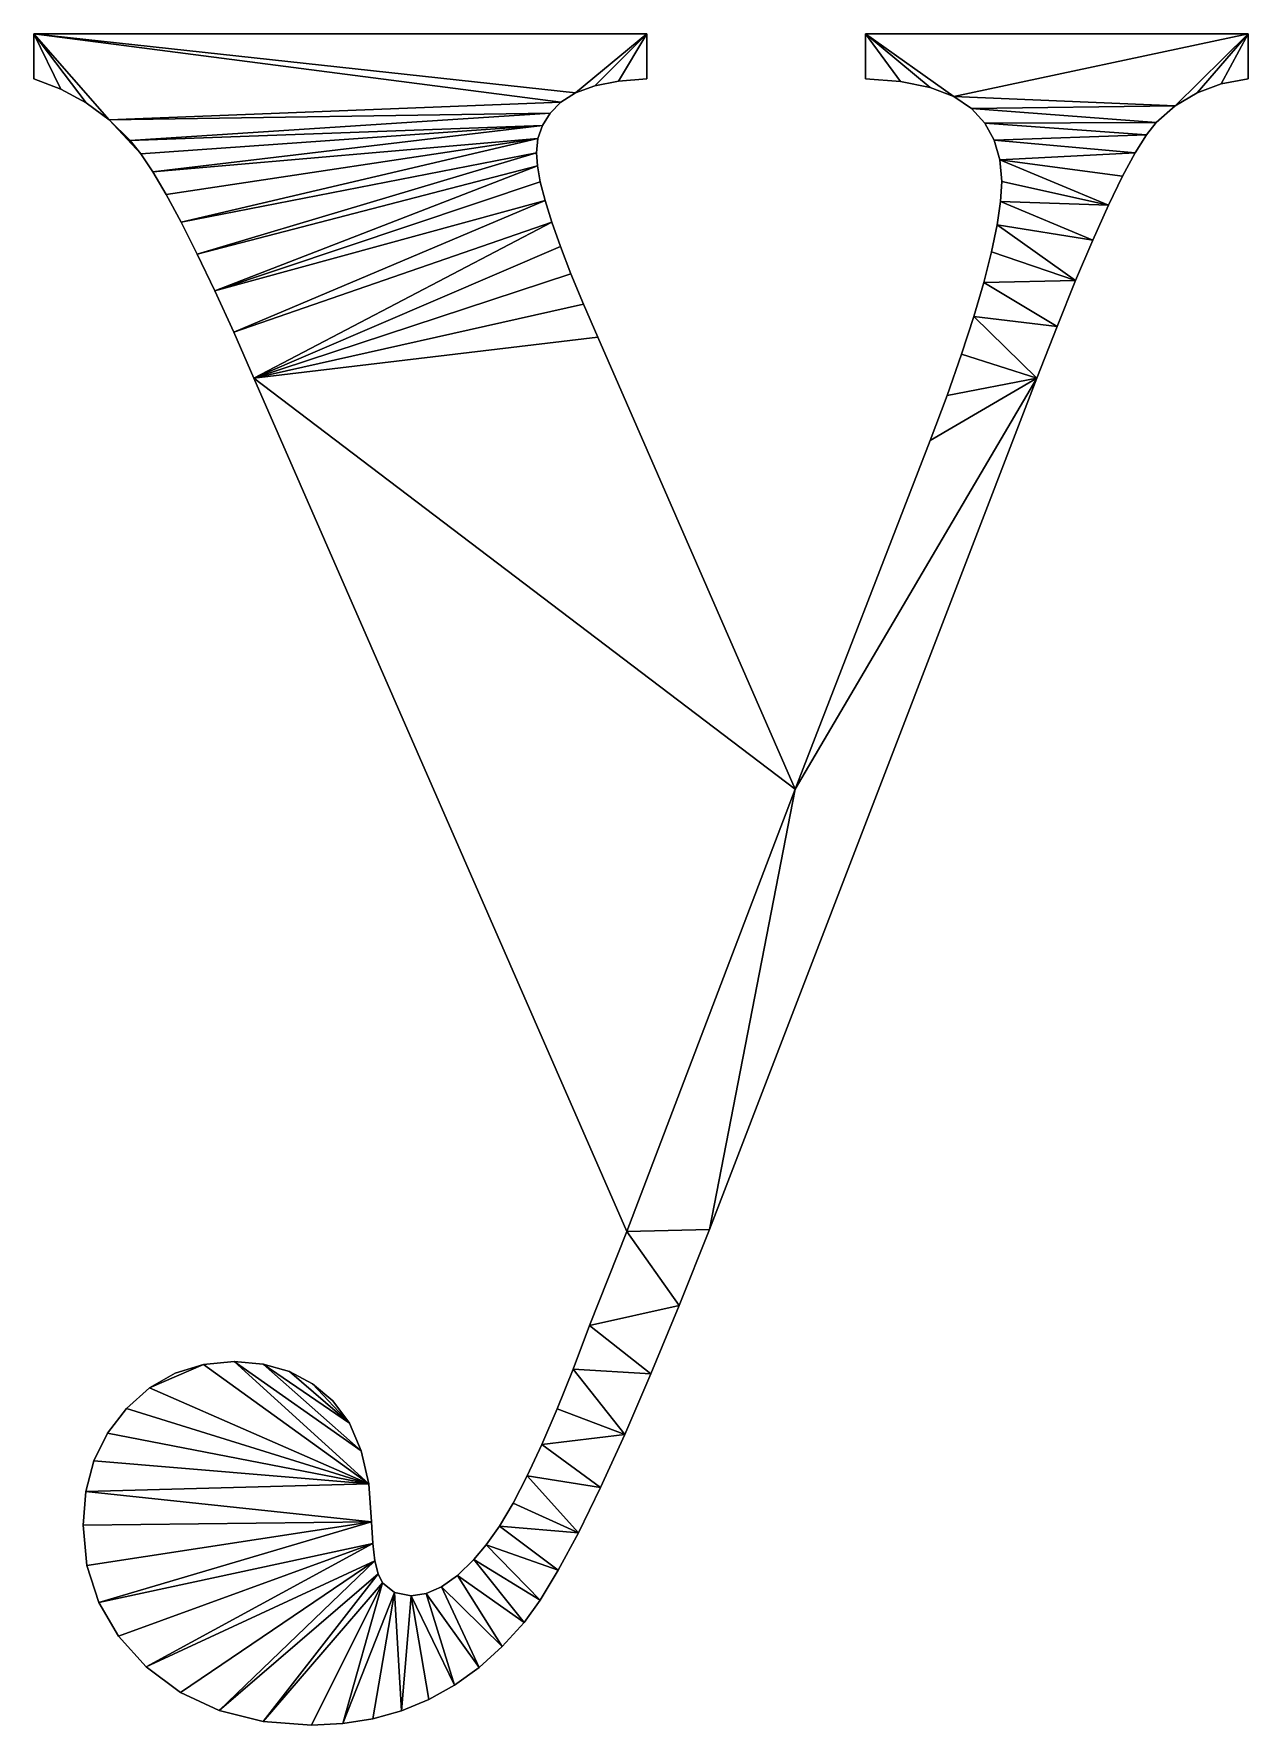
# Model space of a CAD drawing. Header units: metres. Extents: x 0.012 to 0.692, y -0.303 to 0.643.
import ezdxf

# ---------------------------------------------------------------- set-up
doc = ezdxf.new("R2010")
doc.units = ezdxf.units.M

msp = doc.modelspace()

# ---------------------------------------------------------------- meshes
at = {"layer": 'Armanisoft_0', "linetype": 'CONTINUOUS'}
mesh = msp.add_polyface(dxfattribs=at)
corners = [(0.053777, 0.595067), (0.06555, 0.583613), (0.071535, 0.576112), (0.011628, 0.643293), (0.040866, 0.60464), (0.026816, 0.612331), (0.011628, 0.61814), (0.306797, 0.604981), (0.314953, 0.610205), (0.300782, 0.59881), (0.296486, 0.59203), (0.078288, 0.566005), (0.293909, 0.584643), (0.094093, 0.537971), (0.085807, 0.553291), (0.29305, 0.576649), (0.103146, 0.520045), (0.293587, 0.569339), (0.112967, 0.499513), (0.297883, 0.549943), (0.123554, 0.476374), (0.301642, 0.537856), (0.134909, 0.450629), (0.053777, 0.595067, 0.229421), (0.071535, 0.576112, 0.229421), (0.06555, 0.583613, 0.229421), (0.011628, 0.643293, 0.229421), (0.040866, 0.60464, 0.229421), (0.026816, 0.612331, 0.229421), (0.011628, 0.61814, 0.229421), (0.306797, 0.604981, 0.229421), (0.314953, 0.610205, 0.229421), (0.300782, 0.59881, 0.229421), (0.296486, 0.59203, 0.229421), (0.078288, 0.566005, 0.229421), (0.293909, 0.584643, 0.229421), (0.085807, 0.553291, 0.229421), (0.094093, 0.537971, 0.229421), (0.29305, 0.576649, 0.229421), (0.103146, 0.520045, 0.229421), (0.293587, 0.569339, 0.229421), (0.112967, 0.499513, 0.229421), (0.297883, 0.549943, 0.229421), (0.123554, 0.476374, 0.229421), (0.301642, 0.537856, 0.229421), (0.134909, 0.450629, 0.229421), (0.123554, 0.476374), (0.134909, 0.450629), (0.134909, 0.450629, 0.229421), (0.123554, 0.476374, 0.229421), (0.112967, 0.499513), (0.112967, 0.499513, 0.229421), (0.103146, 0.520045), (0.103146, 0.520045, 0.229421), (0.094093, 0.537971), (0.094093, 0.537971, 0.229421), (0.085807, 0.553291), (0.085807, 0.553291, 0.229421), (0.078288, 0.566005), (0.078288, 0.566005, 0.229421), (0.071535, 0.576112), (0.071535, 0.576112, 0.229421), (0.06555, 0.583613), (0.06555, 0.583613, 0.229421), (0.053777, 0.595067), (0.053777, 0.595067, 0.229421), (0.040866, 0.60464), (0.040866, 0.60464, 0.229421), (0.026816, 0.612331), (0.026816, 0.612331, 0.229421), (0.011628, 0.61814), (0.011628, 0.61814, 0.229421), (0.011628, 0.643293), (0.011628, 0.643293, 0.229421), (0.354811, 0.643293), (0.354811, 0.643293, 0.229421)]
mesh.append_faces([[corners[k] for k in face] for face in [(0, 1, 2), (3, 0, 4), (3, 4, 5), (3, 5, 6), (7, 0, 3), (7, 3, 8), (9, 1, 0), (9, 0, 7), (10, 11, 2), (10, 2, 1), (12, 13, 14), (12, 14, 11), (15, 16, 13), (17, 18, 16), (19, 20, 18), (21, 22, 20), (23, 24, 25), (26, 27, 23), (26, 28, 27), (26, 29, 28), (30, 26, 23), (30, 31, 26), (32, 23, 25), (32, 30, 23), (33, 24, 34), (33, 25, 24), (35, 36, 37), (35, 34, 36), (38, 37, 39), (40, 39, 41), (42, 41, 43), (44, 43, 45), (46, 47, 48, 49), (50, 46, 49, 51), (52, 50, 51, 53), (54, 52, 53, 55), (56, 54, 55, 57), (58, 56, 57, 59), (60, 58, 59, 61), (62, 60, 61, 63), (64, 62, 63, 65), (66, 64, 65, 67), (68, 66, 67, 69), (70, 68, 69, 71), (72, 70, 71, 73), (74, 72, 73, 75)]])
mesh = msp.add_polyface(dxfattribs=at)
corners = [(0.33896, 0.616784), (0.354811, 0.643293), (0.354811, 0.61814), (0.325674, 0.614139), (0.314953, 0.610205), (0.011628, 0.643293), (0.296486, 0.59203), (0.06555, 0.583613), (0.300782, 0.59881), (0.293909, 0.584643), (0.078288, 0.566005), (0.29305, 0.576649), (0.094093, 0.537971), (0.293587, 0.569339), (0.103146, 0.520045), (0.295198, 0.560437), (0.112967, 0.499513), (0.297883, 0.549943), (0.301642, 0.537856), (0.123554, 0.476374), (0.306475, 0.524178), (0.134909, 0.450629), (0.312382, 0.508907), (0.319364, 0.492044), (0.327419, 0.473589), (0.437859, 0.220477), (0.325674, 0.614139, 0.229421), (0.33896, 0.616784, 0.229421), (0.354811, 0.643293, 0.229421), (0.314953, 0.610205, 0.229421), (0.011628, 0.643293, 0.229421), (0.296486, 0.59203, 0.229421), (0.300782, 0.59881, 0.229421), (0.06555, 0.583613, 0.229421), (0.293909, 0.584643, 0.229421), (0.078288, 0.566005, 0.229421), (0.29305, 0.576649, 0.229421), (0.094093, 0.537971, 0.229421), (0.293587, 0.569339, 0.229421), (0.103146, 0.520045, 0.229421), (0.295198, 0.560437, 0.229421), (0.112967, 0.499513, 0.229421), (0.297883, 0.549943, 0.229421), (0.301642, 0.537856, 0.229421), (0.123554, 0.476374, 0.229421), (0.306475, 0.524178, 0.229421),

ASSIGNMENT » Go through the listing above and copy each line where the string "units" appears.

RESULT OF THE EXERCISE »
# Model space of a CAD drawing. Header units: metres. Extents: x 0.012 to 0.692, y -0.303 to 0.643.
doc.units = ezdxf.units.M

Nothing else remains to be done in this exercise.